Protesters gather during a demonstration after the pension reform was adopted as the French Parliament rejected two motions of no-confidence against the government, in Paris, France, March 22, 2023. REUTERS/Nacho Doce
Train services were disrupted and some schools shut while garbage piled up on the streets of France on Thursday as part of a ninth nationwide day of strikes against a deeply unpopular bill to raise the pension age.
Protesters blocked a highway near Toulouse in southwestern France in the early morning and a bus depot in the west, in Rennes, Le Parisien newspaper said. Protest rallies were scheduled across the country later in the day.
President Emmanuel Macron on Wednesday said the legislation – which his government pushed through parliament without a vote last week – would come into force by year-end despite escalating anger across the country.
“The best response we can give the president is that there are millions of people on strike and in the streets,” said Philippe Martinez, who leads the hardline CGT union.
Protests against the policy changes, which lift the retirement age by two years to 64 and accelerate an increase in the number of years one must work to draw a full pension, have drawn huge crowds in rallies organised by unions since January.
Most protests have been peaceful, but anger has mounted since the government pushed the bill through parliament without a vote last week.
The past seven nights have seen spontaneous demonstrations in Paris and other cities with rubbish bins set ablaze and scuffles with police.
Labour unions said Thursday’s day of strikes and protests would draw huge crowds against what they described as Macron’s “scorn” and “lies.”

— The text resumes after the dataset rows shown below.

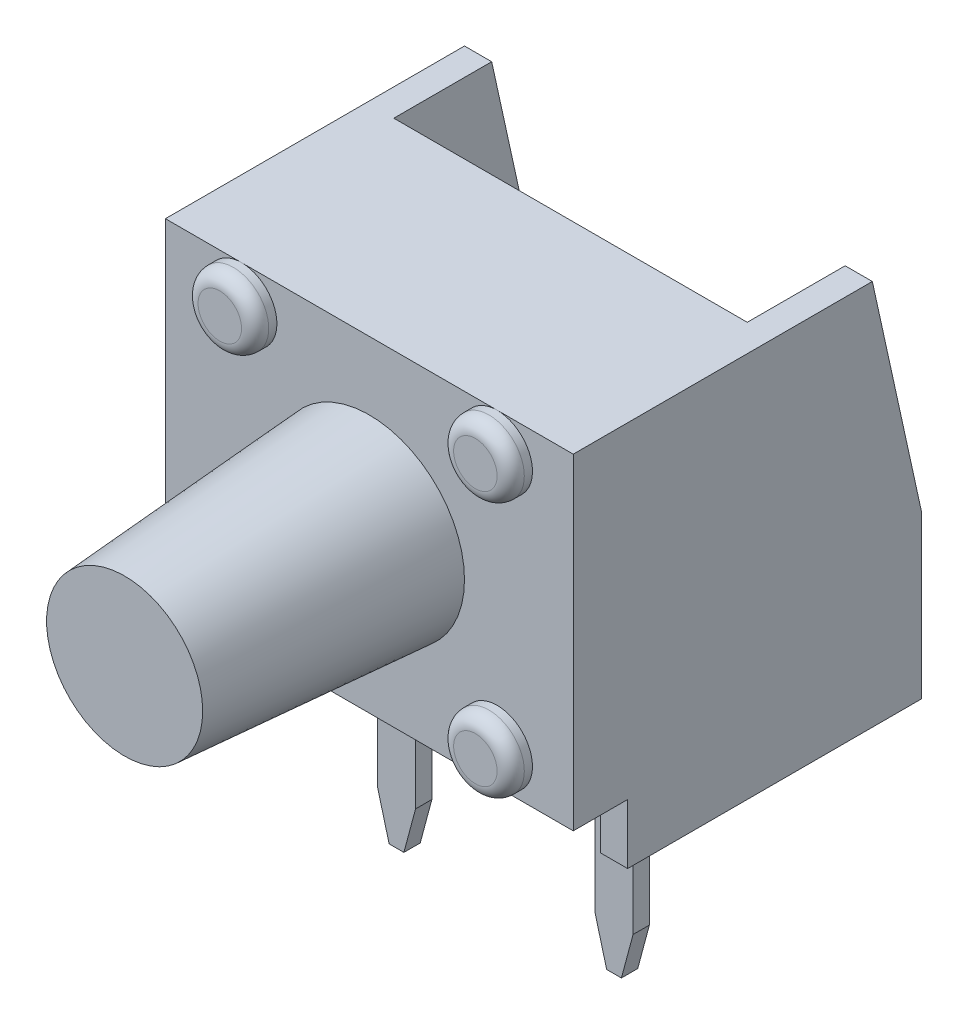
ISO-10303-21;
HEADER;
FILE_DESCRIPTION(('STEP AP214'),'2;1');
FILE_NAME('part.step','',(''),(''),'','','');
FILE_SCHEMA(('AUTOMOTIVE_DESIGN { 1 0 10303 214 1 1 1 1 }'));
ENDSEC;
DATA;
#1=APPLICATION_CONTEXT('core data for automotive mechanical design processes');
#2=APPLICATION_PROTOCOL_DEFINITION('international standard','automotive_design',2000,#1);
#3=PRODUCT_CONTEXT('',#1,'mechanical');
#4=PRODUCT('Part','Part','',(#3));
#5=PRODUCT_RELATED_PRODUCT_CATEGORY('part','',(#4));
#6=PRODUCT_DEFINITION_FORMATION('','',#4);
#7=PRODUCT_DEFINITION_CONTEXT('part definition',#1,'design');
#8=PRODUCT_DEFINITION('design','',#6,#7);
#9=PRODUCT_DEFINITION_SHAPE('','',#8);
#10=(LENGTH_UNIT() NAMED_UNIT(*) SI_UNIT(.MILLI.,.METRE.));
#11=(NAMED_UNIT(*) PLANE_ANGLE_UNIT() SI_UNIT($,.RADIAN.));
#12=(NAMED_UNIT(*) SI_UNIT($,.STERADIAN.) SOLID_ANGLE_UNIT());
#13=UNCERTAINTY_MEASURE_WITH_UNIT(LENGTH_MEASURE(1.E-05),#10,'distance_accuracy_value','');
#14=(GEOMETRIC_REPRESENTATION_CONTEXT(3) GLOBAL_UNCERTAINTY_ASSIGNED_CONTEXT((#13)) GLOBAL_UNIT_ASSIGNED_CONTEXT((#10,
#11,#12)) REPRESENTATION_CONTEXT('',''));
#15=CARTESIAN_POINT('',(0.,0.,0.));
#16=DIRECTION('',(0.,0.,1.));
#17=DIRECTION('',(1.,0.,0.));
#18=AXIS2_PLACEMENT_3D('',#15,#16,#17);
#19=CARTESIAN_POINT('',(0.,6.,-3.7));
#20=DIRECTION('',(0.,0.,1.));
#21=DIRECTION('',(1.,0.,0.));
#22=AXIS2_PLACEMENT_3D('',#19,#20,#21);
#23=PLANE('',#22);
#24=DIRECTION('',(0.,-1.,0.));
#25=VECTOR('',#24,1.);
#26=CARTESIAN_POINT('',(0.5,-1.1,-3.7));
#27=LINE('',#26,#25);
#28=CARTESIAN_POINT('',(0.5,6.,-3.7));
#29=VERTEX_POINT('',#28);
#30=CARTESIAN_POINT('',(0.5,0.,-3.7));
#31=VERTEX_POINT('',#30);
#32=EDGE_CURVE('E398',#29,#31,#27,.T.);
#33=ORIENTED_EDGE('',*,*,#32,.F.);
#34=DIRECTION('',(-1.,0.,0.));
#35=VECTOR('',#34,1.);
#36=CARTESIAN_POINT('',(0.,6.,-3.7));
#37=LINE('',#36,#35);
#38=CARTESIAN_POINT('',(7.,6.,-3.7));
#39=VERTEX_POINT('',#38);
#40=EDGE_CURVE('E255',#39,#29,#37,.T.);
#41=ORIENTED_EDGE('',*,*,#40,.F.);
#42=DIRECTION('',(0.,1.,0.));
#43=VECTOR('',#42,1.);
#44=CARTESIAN_POINT('',(7.,0.,-3.7));
#45=LINE('',#44,#43);
#46=CARTESIAN_POINT('',(7.,0.,-3.7));
#47=VERTEX_POINT('',#46);
#48=EDGE_CURVE('E262',#47,#39,#45,.T.);
#49=ORIENTED_EDGE('',*,*,#48,.F.);
#50=DIRECTION('',(-1.,0.,0.));
#51=VECTOR('',#50,1.);
#52=CARTESIAN_POINT('',(0.,0.,-3.7));
#53=LINE('',#52,#51);
#54=EDGE_CURVE('E248',#47,#31,#53,.T.);
#55=ORIENTED_EDGE('',*,*,#54,.T.);
#56=EDGE_LOOP('',(#33,#41,#49,#55));
#57=FACE_BOUND('',#56,.T.);
#58=ADVANCED_FACE('F37',(#57),#23,.F.);
#59=CARTESIAN_POINT('',(0.,0.,0.));
#60=DIRECTION('',(0.,-1.,0.));
#61=DIRECTION('',(0.,0.,-1.));
#62=AXIS2_PLACEMENT_3D('',#59,#60,#61);
#63=PLANE('',#62);
#64=DIRECTION('',(1.,0.,0.));
#65=VECTOR('',#64,1.);
#66=CARTESIAN_POINT('',(1.4,0.,-2.8));
#67=LINE('',#66,#65);
#68=CARTESIAN_POINT('',(1.4,0.,-2.8));
#69=VERTEX_POINT('',#68);
#70=CARTESIAN_POINT('',(2.1,0.,-2.8));
#71=VERTEX_POINT('',#70);
#72=EDGE_CURVE('E357',#69,#71,#67,.T.);
#73=ORIENTED_EDGE('',*,*,#72,.F.);
#74=DIRECTION('',(0.,0.,-1.));
#75=VECTOR('',#74,1.);
#76=CARTESIAN_POINT('',(1.4,0.,-2.5));
#77=LINE('',#76,#75);
#78=CARTESIAN_POINT('',(1.4,0.,-2.5));
#79=VERTEX_POINT('',#78);
#80=EDGE_CURVE('E346',#79,#69,#77,.T.);
#81=ORIENTED_EDGE('',*,*,#80,.F.);
#82=DIRECTION('',(-1.,0.,0.));
#83=VECTOR('',#82,1.);
#84=CARTESIAN_POINT('',(1.4,0.,-2.5));
#85=LINE('',#84,#83);
#86=CARTESIAN_POINT('',(2.1,0.,-2.5));
#87=VERTEX_POINT('',#86);
#88=EDGE_CURVE('E351',#87,#79,#85,.T.);
#89=ORIENTED_EDGE('',*,*,#88,.F.);
#90=DIRECTION('',(0.,0.,1.));
#91=VECTOR('',#90,1.);
#92=CARTESIAN_POINT('',(2.1,0.,-2.5));
#93=LINE('',#92,#91);
#94=EDGE_CURVE('E360',#71,#87,#93,.T.);
#95=ORIENTED_EDGE('',*,*,#94,.F.);
#96=EDGE_LOOP('',(#73,#81,#89,#95));
#97=FACE_BOUND('',#96,.T.);
#98=DIRECTION('',(1.,0.,0.));
#99=VECTOR('',#98,1.);
#100=CARTESIAN_POINT('',(5.4,0.,-2.8));
#101=LINE('',#100,#99);
#102=CARTESIAN_POINT('',(5.4,0.,-2.8));
#103=VERTEX_POINT('',#102);
#104=CARTESIAN_POINT('',(6.1,0.,-2.8));
#105=VERTEX_POINT('',#104);
#106=EDGE_CURVE('E445',#103,#105,#101,.T.);
#107=ORIENTED_EDGE('',*,*,#106,.F.);
#108=DIRECTION('',(0.,0.,-1.));
#109=VECTOR('',#108,1.);
#110=CARTESIAN_POINT('',(5.4,0.,-2.8));
#111=LINE('',#110,#109);
#112=CARTESIAN_POINT('',(5.4,0.,-2.5));
#113=VERTEX_POINT('',#112);
#114=EDGE_CURVE('E440',#113,#103,#111,.T.);
#115=ORIENTED_EDGE('',*,*,#114,.F.);
#116=DIRECTION('',(-1.,0.,0.));
#117=VECTOR('',#116,1.);
#118=CARTESIAN_POINT('',(5.4,0.,-2.5));
#119=LINE('',#118,#117);
#120=CARTESIAN_POINT('',(6.1,0.,-2.5));
#121=VERTEX_POINT('',#120);
#122=EDGE_CURVE('E326',#121,#113,#119,.T.);
#123=ORIENTED_EDGE('',*,*,#122,.F.);
#124=DIRECTION('',(0.,0.,1.));
#125=VECTOR('',#124,1.);
#126=CARTESIAN_POINT('',(6.1,0.,-2.8));
#127=LINE('',#126,#125);
#128=EDGE_CURVE('E336',#105,#121,#127,.T.);
#129=ORIENTED_EDGE('',*,*,#128,.F.);
#130=EDGE_LOOP('',(#107,#115,#123,#129));
#131=FACE_BOUND('',#130,.T.);
#132=DIRECTION('',(0.,0.,-1.));
#133=VECTOR('',#132,1.);
#134=CARTESIAN_POINT('',(7.,0.,-3.7));
#135=LINE('',#134,#133);
#136=CARTESIAN_POINT('',(7.,0.,-1.));
#137=VERTEX_POINT('',#136);
#138=EDGE_CURVE('E403',#137,#47,#135,.T.);
#139=ORIENTED_EDGE('',*,*,#138,.F.);
#140=DIRECTION('',(-1.,0.,0.));
#141=VECTOR('',#140,1.);
#142=CARTESIAN_POINT('',(7.5,0.,-1.));
#143=LINE('',#142,#141);
#144=CARTESIAN_POINT('',(7.5,0.,-1.));
#145=VERTEX_POINT('',#144);
#146=EDGE_CURVE('E411',#145,#137,#143,.T.);
#147=ORIENTED_EDGE('',*,*,#146,.F.);
#148=DIRECTION('',(0.,0.,-1.));
#149=VECTOR('',#148,1.);
#150=CARTESIAN_POINT('',(7.5,0.,0.));
#151=LINE('',#150,#149);
#152=CARTESIAN_POINT('',(7.5,0.,0.));
#153=VERTEX_POINT('',#152);
#154=EDGE_CURVE('E233',#153,#145,#151,.T.);
#155=ORIENTED_EDGE('',*,*,#154,.F.);
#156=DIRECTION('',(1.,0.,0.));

Laurent Berger, the head of France’s biggest union, the moderate CFDT, told BFM TV the government must withdraw the pension law.
The latest wave of protests represents the most serious challenge to the president’s authority since the “Yellow Vest” revolt four years ago. Polls show a wide majority of French opposed to the pension legislation as well as the government’s decision to push it through parliament without a vote.
Labour Minister Olivier Dussopt said the government was not in denial about the tensions but wanted to move on.
“There is a disagreement that will persist on the retirement age. On the other hand, there are many subjects which make it possible to renew a dialogue,” he said, including how companies share their profits with workers.
“Things will be done gradually,” he said.
Electricity power supply was reduced on Thursday as part of rolling strikes in the sector.
The government has renewed a requisition order requiring some employees to return to work at the Fos-sur-Mer fuel depot in southern France to secure petrol supplies for the region.